Please give the number of lines in the material below that contain "Locations", and provide nothing besides that number.

• _Extracted records_:
== == ==
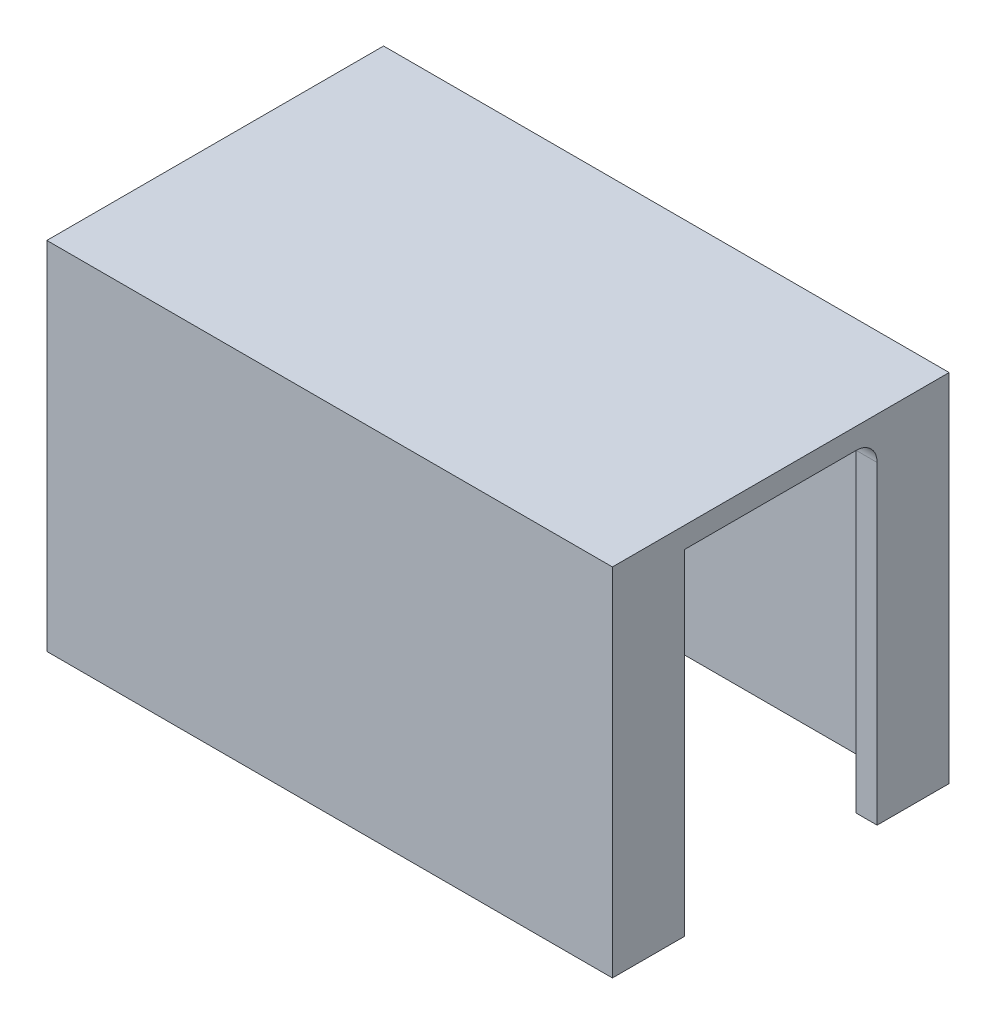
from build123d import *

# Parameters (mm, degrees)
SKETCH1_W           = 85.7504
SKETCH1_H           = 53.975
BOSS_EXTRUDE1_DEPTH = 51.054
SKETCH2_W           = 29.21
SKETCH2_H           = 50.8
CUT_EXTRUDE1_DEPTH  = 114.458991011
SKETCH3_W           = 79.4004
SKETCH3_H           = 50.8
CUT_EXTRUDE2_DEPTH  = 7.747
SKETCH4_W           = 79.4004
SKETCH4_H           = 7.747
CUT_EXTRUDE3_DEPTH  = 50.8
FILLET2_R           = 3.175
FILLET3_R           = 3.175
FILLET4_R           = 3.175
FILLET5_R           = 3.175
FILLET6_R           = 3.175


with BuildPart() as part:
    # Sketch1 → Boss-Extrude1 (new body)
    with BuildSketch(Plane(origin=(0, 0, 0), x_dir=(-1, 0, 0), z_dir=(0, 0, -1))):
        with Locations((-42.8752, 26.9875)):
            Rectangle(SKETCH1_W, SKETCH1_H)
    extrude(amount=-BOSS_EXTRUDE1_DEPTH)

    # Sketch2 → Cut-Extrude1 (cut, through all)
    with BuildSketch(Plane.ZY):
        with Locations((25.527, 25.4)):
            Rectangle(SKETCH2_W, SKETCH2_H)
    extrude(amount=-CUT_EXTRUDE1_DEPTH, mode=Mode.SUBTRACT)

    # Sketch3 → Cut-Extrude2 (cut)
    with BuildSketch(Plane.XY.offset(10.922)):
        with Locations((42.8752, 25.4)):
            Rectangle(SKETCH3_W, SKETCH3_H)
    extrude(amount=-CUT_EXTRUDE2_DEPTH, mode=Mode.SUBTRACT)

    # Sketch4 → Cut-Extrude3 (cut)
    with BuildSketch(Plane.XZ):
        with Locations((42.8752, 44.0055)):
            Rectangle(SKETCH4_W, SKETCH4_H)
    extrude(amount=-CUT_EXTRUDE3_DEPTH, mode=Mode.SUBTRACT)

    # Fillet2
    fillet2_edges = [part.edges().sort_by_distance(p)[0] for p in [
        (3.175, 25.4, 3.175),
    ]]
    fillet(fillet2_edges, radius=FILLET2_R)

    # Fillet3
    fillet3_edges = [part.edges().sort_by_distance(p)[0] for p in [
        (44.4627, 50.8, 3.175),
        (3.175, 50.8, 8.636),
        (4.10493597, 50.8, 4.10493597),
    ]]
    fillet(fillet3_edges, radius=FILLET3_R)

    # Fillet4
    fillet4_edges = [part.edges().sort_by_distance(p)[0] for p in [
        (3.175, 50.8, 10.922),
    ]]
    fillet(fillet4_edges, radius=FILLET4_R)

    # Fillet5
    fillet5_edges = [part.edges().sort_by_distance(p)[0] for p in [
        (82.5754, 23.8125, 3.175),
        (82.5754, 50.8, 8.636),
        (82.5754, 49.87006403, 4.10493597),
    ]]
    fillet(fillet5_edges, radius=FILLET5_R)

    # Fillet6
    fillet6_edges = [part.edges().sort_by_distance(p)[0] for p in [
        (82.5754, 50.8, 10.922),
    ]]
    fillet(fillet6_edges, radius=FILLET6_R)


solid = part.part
== == ==
• _Solution for this problem_:
4